[How to complete this task] Print only the lines from the top of the data through the line with "- removed sheet Reset", both included, skipping every picture.

Data extracted from a collection

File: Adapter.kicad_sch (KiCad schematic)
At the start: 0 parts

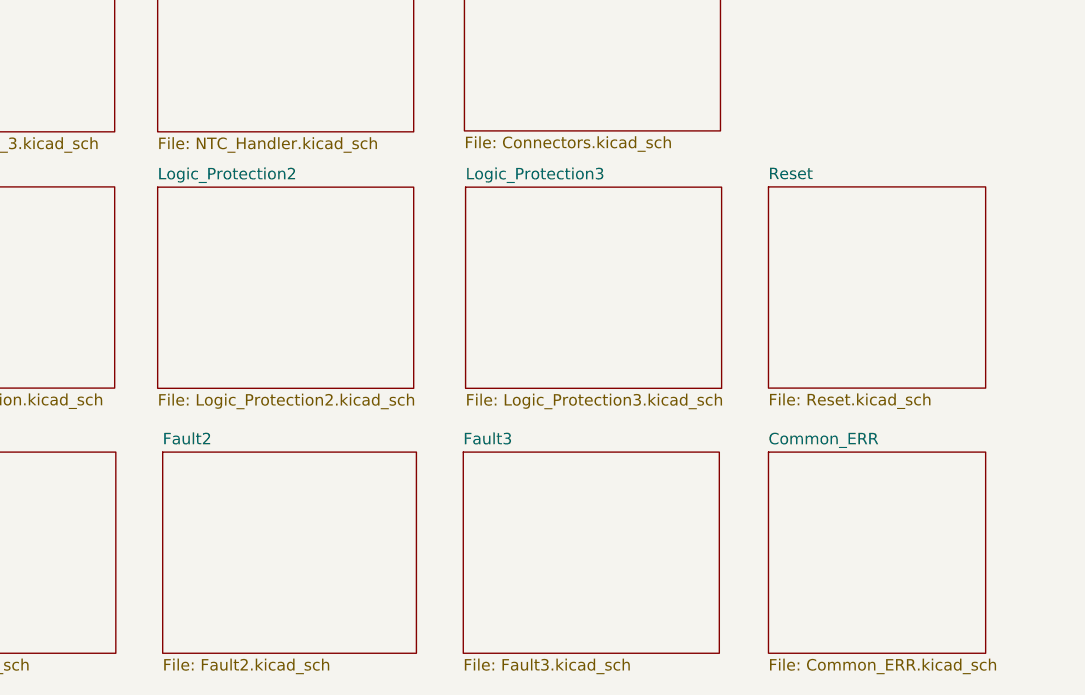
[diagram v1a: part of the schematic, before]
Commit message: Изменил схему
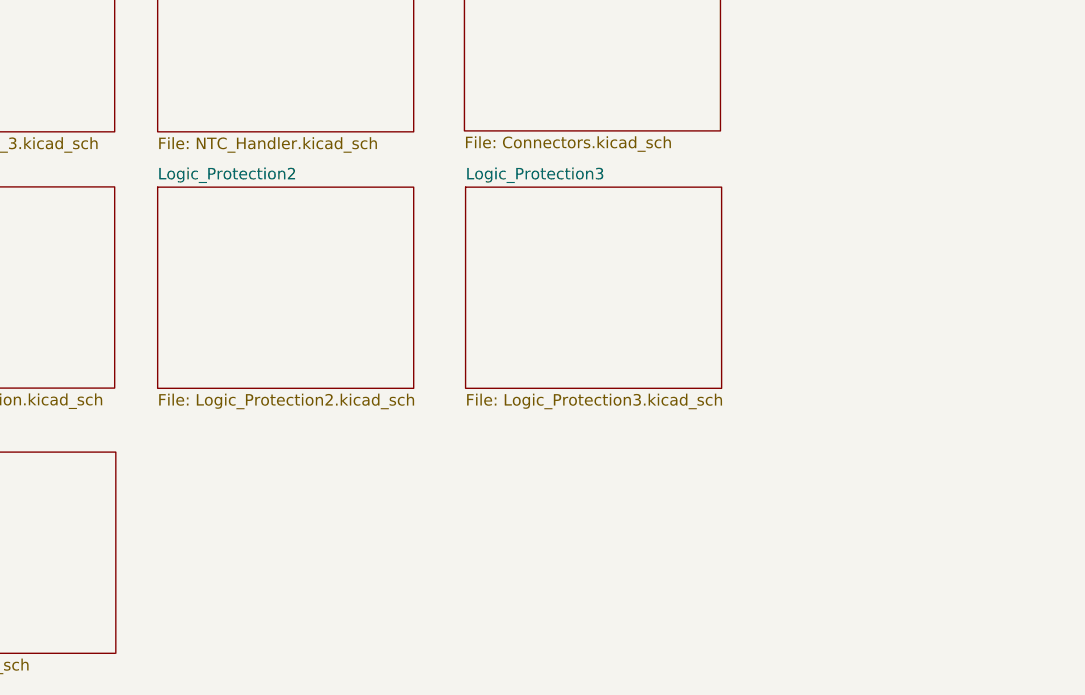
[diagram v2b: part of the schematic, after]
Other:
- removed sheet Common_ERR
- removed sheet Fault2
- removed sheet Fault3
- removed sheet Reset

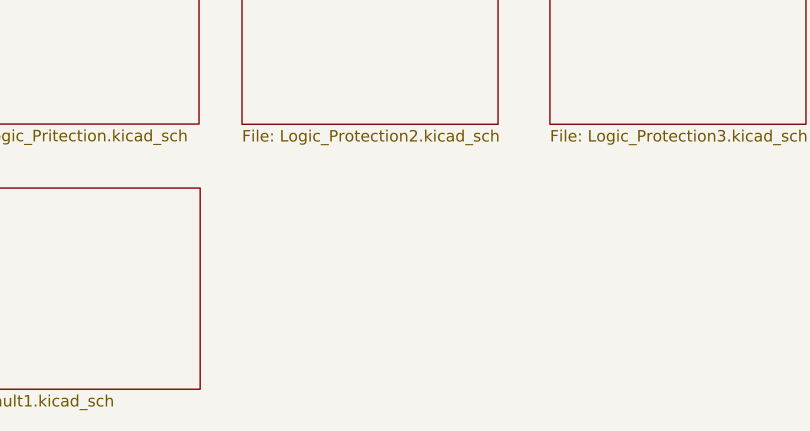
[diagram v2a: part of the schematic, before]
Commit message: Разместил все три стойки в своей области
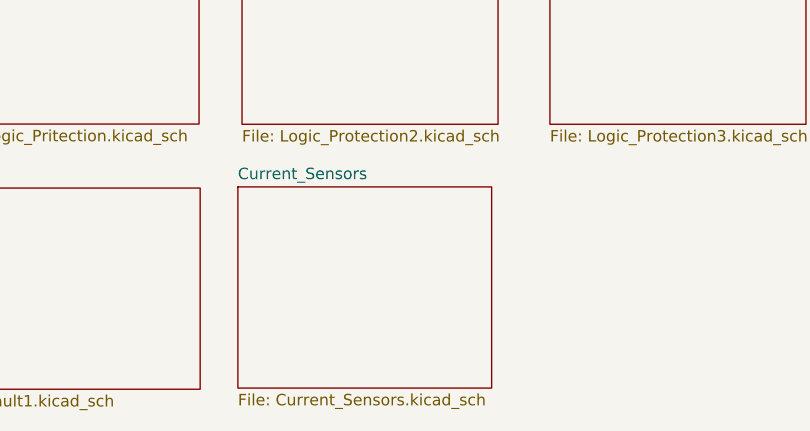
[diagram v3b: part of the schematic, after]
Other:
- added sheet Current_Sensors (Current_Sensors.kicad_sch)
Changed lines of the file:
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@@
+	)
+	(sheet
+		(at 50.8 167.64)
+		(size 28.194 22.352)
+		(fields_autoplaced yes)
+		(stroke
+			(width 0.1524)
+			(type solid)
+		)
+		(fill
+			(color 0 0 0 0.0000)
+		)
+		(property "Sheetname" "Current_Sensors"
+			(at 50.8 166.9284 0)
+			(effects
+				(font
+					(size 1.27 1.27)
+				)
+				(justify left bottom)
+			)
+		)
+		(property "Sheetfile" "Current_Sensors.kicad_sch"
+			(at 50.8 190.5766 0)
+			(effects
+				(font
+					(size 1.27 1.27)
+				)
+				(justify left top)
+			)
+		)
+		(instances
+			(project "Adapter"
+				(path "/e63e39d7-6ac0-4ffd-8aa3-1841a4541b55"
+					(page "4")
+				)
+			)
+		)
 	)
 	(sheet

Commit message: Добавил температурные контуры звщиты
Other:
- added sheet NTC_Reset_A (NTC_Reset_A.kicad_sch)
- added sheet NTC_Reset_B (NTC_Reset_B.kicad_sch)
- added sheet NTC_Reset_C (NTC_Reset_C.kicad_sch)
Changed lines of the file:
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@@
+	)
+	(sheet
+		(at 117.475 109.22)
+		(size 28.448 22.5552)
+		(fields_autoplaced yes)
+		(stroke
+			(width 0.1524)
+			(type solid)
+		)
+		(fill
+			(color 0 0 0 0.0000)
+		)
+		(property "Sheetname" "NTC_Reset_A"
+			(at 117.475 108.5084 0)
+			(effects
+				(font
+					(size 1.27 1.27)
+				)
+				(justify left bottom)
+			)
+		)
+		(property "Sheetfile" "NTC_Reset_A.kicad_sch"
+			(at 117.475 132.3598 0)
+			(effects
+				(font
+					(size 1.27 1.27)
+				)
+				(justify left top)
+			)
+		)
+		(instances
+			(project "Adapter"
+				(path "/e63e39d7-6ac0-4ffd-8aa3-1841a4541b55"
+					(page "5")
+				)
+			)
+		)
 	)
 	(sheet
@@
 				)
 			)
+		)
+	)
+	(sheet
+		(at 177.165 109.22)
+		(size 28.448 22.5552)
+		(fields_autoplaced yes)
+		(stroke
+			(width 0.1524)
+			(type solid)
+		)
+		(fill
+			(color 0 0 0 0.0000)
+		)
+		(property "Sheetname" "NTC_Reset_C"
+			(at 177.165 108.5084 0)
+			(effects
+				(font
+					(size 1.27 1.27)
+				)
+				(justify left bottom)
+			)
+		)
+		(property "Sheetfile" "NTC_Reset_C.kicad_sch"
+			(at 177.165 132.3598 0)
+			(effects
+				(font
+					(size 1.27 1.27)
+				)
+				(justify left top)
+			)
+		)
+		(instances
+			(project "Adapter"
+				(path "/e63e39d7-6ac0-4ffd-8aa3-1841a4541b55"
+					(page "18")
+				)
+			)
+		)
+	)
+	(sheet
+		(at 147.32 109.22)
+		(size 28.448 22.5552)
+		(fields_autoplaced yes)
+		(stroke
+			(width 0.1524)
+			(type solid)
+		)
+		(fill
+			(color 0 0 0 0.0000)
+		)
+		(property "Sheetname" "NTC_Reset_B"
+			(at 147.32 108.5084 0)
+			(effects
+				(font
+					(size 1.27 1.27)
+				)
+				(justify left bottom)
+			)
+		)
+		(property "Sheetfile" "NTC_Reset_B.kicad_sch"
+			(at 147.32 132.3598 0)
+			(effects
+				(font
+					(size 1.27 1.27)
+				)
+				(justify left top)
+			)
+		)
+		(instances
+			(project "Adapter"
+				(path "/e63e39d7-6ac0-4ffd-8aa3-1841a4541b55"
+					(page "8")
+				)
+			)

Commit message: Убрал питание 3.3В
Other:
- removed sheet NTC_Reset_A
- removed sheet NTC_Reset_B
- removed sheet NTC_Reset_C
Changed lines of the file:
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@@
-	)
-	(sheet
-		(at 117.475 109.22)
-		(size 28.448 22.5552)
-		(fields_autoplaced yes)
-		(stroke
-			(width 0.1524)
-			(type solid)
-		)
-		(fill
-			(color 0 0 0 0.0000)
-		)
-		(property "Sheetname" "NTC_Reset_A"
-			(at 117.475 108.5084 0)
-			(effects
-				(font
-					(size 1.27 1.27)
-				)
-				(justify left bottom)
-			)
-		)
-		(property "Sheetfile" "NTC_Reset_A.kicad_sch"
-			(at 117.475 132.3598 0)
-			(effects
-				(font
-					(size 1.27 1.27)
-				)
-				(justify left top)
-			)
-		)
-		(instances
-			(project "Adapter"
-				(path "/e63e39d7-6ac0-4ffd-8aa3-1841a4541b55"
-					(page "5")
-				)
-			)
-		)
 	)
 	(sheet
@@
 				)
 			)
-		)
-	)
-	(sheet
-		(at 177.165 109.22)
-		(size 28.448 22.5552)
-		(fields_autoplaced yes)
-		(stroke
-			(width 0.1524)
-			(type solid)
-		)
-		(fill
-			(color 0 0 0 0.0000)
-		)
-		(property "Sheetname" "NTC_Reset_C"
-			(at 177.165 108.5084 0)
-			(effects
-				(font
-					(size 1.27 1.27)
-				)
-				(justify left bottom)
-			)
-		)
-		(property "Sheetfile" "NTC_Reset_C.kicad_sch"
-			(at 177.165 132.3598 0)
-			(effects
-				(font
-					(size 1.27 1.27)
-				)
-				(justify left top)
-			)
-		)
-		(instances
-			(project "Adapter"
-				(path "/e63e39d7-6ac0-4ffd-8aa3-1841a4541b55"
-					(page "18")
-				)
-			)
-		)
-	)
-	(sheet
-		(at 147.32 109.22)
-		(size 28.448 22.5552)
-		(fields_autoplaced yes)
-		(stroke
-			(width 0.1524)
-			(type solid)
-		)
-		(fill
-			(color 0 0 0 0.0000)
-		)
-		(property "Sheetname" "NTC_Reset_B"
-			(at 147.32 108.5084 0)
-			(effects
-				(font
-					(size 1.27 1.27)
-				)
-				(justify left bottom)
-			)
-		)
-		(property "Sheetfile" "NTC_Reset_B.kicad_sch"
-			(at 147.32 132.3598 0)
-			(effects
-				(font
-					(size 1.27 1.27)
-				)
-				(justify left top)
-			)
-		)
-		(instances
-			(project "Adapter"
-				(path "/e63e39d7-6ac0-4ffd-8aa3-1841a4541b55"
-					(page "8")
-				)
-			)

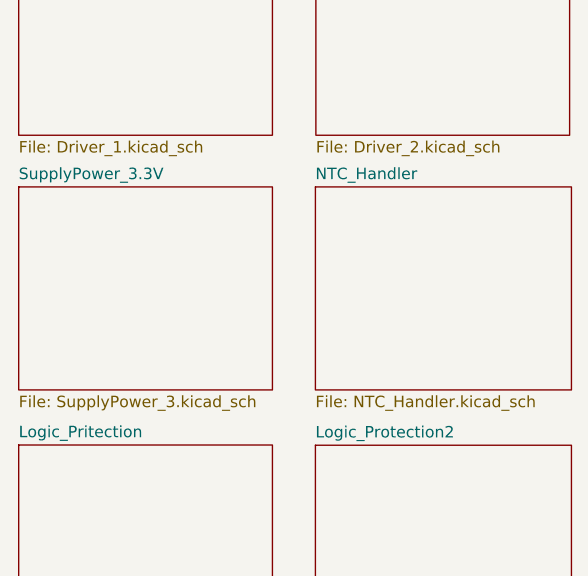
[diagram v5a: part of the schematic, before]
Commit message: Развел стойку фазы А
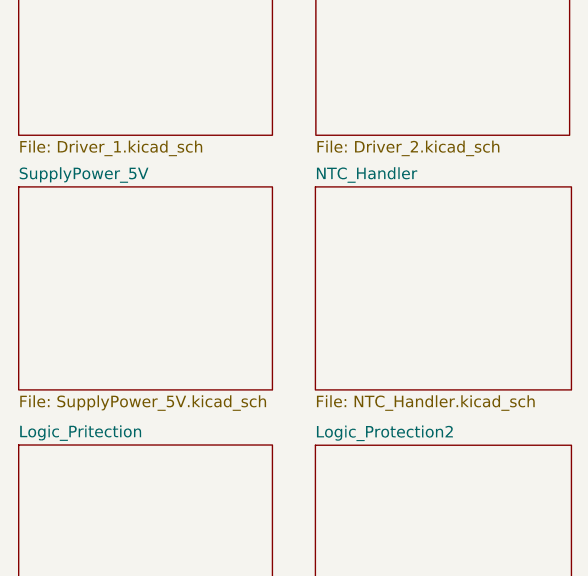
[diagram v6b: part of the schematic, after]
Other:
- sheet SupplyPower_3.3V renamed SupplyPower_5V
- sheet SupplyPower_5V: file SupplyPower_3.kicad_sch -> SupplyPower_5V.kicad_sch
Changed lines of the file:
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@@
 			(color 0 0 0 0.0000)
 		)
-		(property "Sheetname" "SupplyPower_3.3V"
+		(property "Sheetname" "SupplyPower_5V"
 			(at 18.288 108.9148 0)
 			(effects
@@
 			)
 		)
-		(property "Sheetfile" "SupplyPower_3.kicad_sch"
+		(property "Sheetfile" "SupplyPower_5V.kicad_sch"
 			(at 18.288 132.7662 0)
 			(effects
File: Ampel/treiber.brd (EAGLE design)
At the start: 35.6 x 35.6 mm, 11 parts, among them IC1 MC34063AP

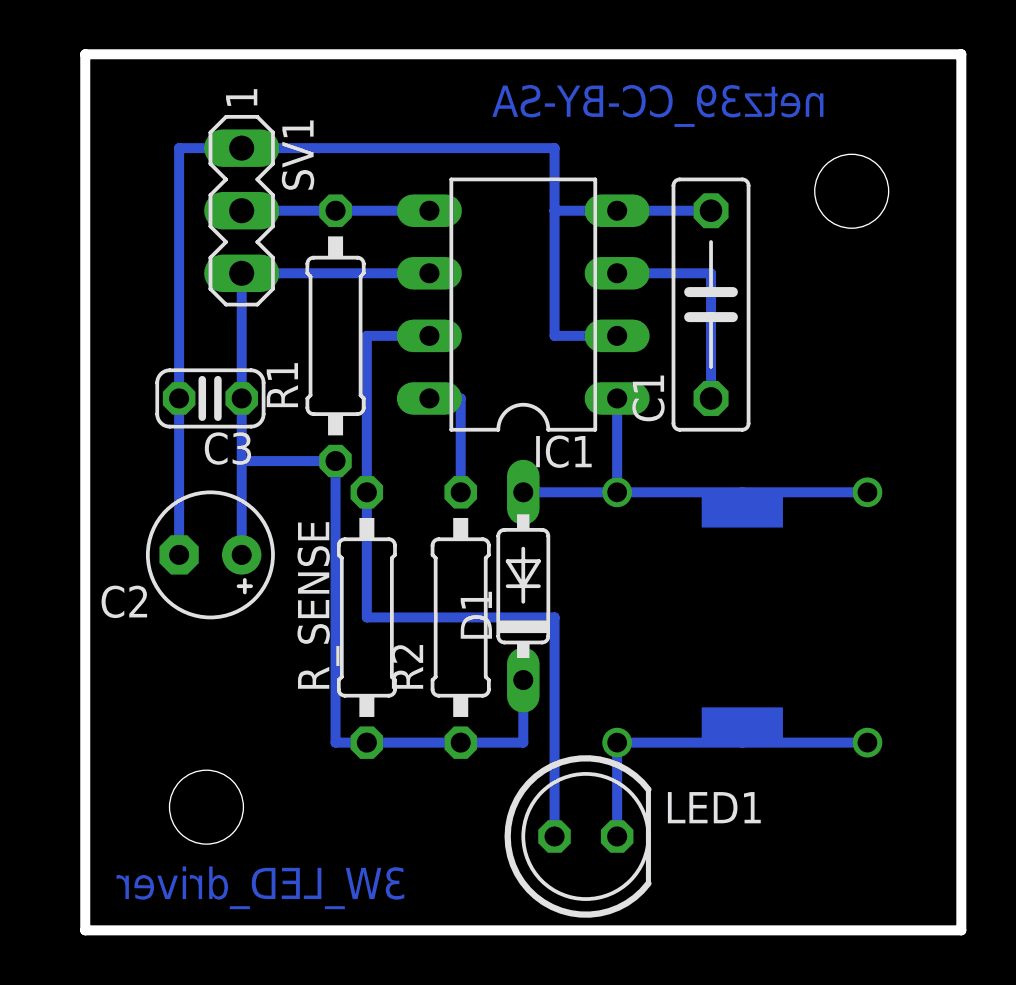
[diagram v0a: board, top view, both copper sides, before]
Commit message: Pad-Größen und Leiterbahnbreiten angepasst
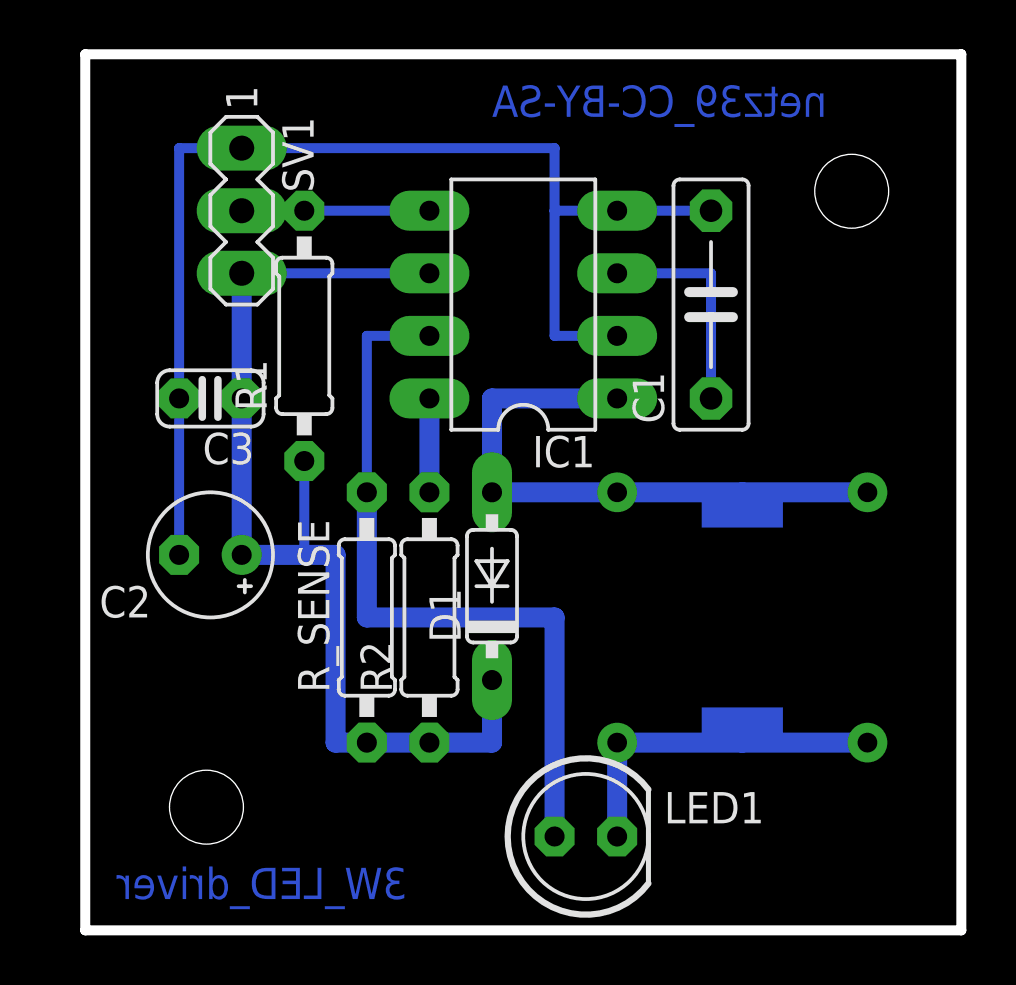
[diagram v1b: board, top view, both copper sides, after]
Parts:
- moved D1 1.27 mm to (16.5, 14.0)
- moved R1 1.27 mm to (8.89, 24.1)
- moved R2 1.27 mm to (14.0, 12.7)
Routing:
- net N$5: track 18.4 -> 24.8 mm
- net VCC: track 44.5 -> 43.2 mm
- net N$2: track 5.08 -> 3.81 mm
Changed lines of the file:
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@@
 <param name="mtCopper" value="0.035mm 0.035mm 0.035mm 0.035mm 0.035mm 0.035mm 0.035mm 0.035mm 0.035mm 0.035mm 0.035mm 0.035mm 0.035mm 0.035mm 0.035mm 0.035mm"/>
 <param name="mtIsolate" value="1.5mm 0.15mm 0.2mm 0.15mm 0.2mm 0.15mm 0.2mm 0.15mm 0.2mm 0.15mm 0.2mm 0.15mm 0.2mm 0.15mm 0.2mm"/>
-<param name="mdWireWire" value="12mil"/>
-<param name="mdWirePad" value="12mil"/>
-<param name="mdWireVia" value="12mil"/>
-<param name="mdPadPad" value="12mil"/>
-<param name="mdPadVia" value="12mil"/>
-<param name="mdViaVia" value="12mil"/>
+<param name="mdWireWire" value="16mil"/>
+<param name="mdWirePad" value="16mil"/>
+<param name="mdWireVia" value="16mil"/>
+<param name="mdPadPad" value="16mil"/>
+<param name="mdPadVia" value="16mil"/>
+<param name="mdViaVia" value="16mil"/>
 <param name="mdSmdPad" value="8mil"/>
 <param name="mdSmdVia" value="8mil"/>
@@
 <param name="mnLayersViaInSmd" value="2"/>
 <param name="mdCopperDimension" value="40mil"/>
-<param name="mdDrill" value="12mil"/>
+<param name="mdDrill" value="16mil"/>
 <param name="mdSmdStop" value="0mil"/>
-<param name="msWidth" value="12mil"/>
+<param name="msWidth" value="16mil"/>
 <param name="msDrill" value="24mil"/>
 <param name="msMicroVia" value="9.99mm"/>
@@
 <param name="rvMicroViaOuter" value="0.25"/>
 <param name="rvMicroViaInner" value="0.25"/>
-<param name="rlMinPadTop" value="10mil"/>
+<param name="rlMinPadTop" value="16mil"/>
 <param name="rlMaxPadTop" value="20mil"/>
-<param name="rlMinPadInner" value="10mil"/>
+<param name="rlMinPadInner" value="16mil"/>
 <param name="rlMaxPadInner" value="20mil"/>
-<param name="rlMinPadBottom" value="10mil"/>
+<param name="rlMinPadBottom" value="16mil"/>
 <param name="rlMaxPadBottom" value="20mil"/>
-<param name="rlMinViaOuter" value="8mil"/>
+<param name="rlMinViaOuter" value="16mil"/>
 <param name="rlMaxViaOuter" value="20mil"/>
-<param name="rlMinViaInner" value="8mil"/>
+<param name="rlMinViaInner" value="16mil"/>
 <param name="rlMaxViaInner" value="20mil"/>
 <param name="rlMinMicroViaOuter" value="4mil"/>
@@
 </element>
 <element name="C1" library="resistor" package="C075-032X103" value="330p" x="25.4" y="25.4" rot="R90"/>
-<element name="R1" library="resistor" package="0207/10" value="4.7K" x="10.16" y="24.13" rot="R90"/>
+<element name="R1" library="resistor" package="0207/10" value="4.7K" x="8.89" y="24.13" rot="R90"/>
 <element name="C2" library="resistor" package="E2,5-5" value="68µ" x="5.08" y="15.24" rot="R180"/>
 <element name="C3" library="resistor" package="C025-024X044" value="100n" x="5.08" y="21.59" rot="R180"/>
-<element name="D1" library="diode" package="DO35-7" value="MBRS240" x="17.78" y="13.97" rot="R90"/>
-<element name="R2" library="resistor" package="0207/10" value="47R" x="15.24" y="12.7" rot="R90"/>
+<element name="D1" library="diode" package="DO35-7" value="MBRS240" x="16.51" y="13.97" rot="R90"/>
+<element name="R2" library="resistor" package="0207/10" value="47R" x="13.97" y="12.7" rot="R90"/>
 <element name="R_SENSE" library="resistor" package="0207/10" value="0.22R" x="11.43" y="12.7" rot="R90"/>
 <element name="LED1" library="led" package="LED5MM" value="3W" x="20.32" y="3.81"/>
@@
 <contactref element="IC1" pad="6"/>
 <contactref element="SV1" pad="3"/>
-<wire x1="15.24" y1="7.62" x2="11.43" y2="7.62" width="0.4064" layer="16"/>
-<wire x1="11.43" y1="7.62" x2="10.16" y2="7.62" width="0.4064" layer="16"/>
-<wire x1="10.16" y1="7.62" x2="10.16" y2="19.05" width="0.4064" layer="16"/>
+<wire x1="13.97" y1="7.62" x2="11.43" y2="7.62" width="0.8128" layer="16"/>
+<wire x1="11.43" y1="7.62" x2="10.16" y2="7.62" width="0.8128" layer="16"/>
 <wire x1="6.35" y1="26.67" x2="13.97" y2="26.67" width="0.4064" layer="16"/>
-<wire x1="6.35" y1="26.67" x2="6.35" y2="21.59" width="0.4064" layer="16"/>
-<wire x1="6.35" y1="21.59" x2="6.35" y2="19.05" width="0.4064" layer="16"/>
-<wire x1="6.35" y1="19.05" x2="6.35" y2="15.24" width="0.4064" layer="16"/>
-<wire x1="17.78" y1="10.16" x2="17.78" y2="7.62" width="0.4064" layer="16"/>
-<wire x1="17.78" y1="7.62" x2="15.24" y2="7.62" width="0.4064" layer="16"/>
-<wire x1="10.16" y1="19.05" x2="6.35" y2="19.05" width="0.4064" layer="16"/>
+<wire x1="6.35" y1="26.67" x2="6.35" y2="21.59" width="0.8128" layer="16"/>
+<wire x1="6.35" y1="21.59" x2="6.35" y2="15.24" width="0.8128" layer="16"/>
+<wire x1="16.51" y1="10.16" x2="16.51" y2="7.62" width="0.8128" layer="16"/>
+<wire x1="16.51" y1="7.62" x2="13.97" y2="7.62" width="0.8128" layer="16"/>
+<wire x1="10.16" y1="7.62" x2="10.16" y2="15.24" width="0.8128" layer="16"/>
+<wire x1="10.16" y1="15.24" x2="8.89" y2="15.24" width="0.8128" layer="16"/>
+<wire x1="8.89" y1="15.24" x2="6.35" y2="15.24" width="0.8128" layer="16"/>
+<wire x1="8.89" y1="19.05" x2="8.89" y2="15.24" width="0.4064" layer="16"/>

[Exercise result]
File: Adapter.kicad_sch (KiCad schematic)
At the start: 0 parts

[diagram v1a: part of the schematic, before]
Commit message: Изменил схему
[diagram v2b: part of the schematic, after]
Other:
- removed sheet Common_ERR
- removed sheet Fault2
- removed sheet Fault3
- removed sheet Reset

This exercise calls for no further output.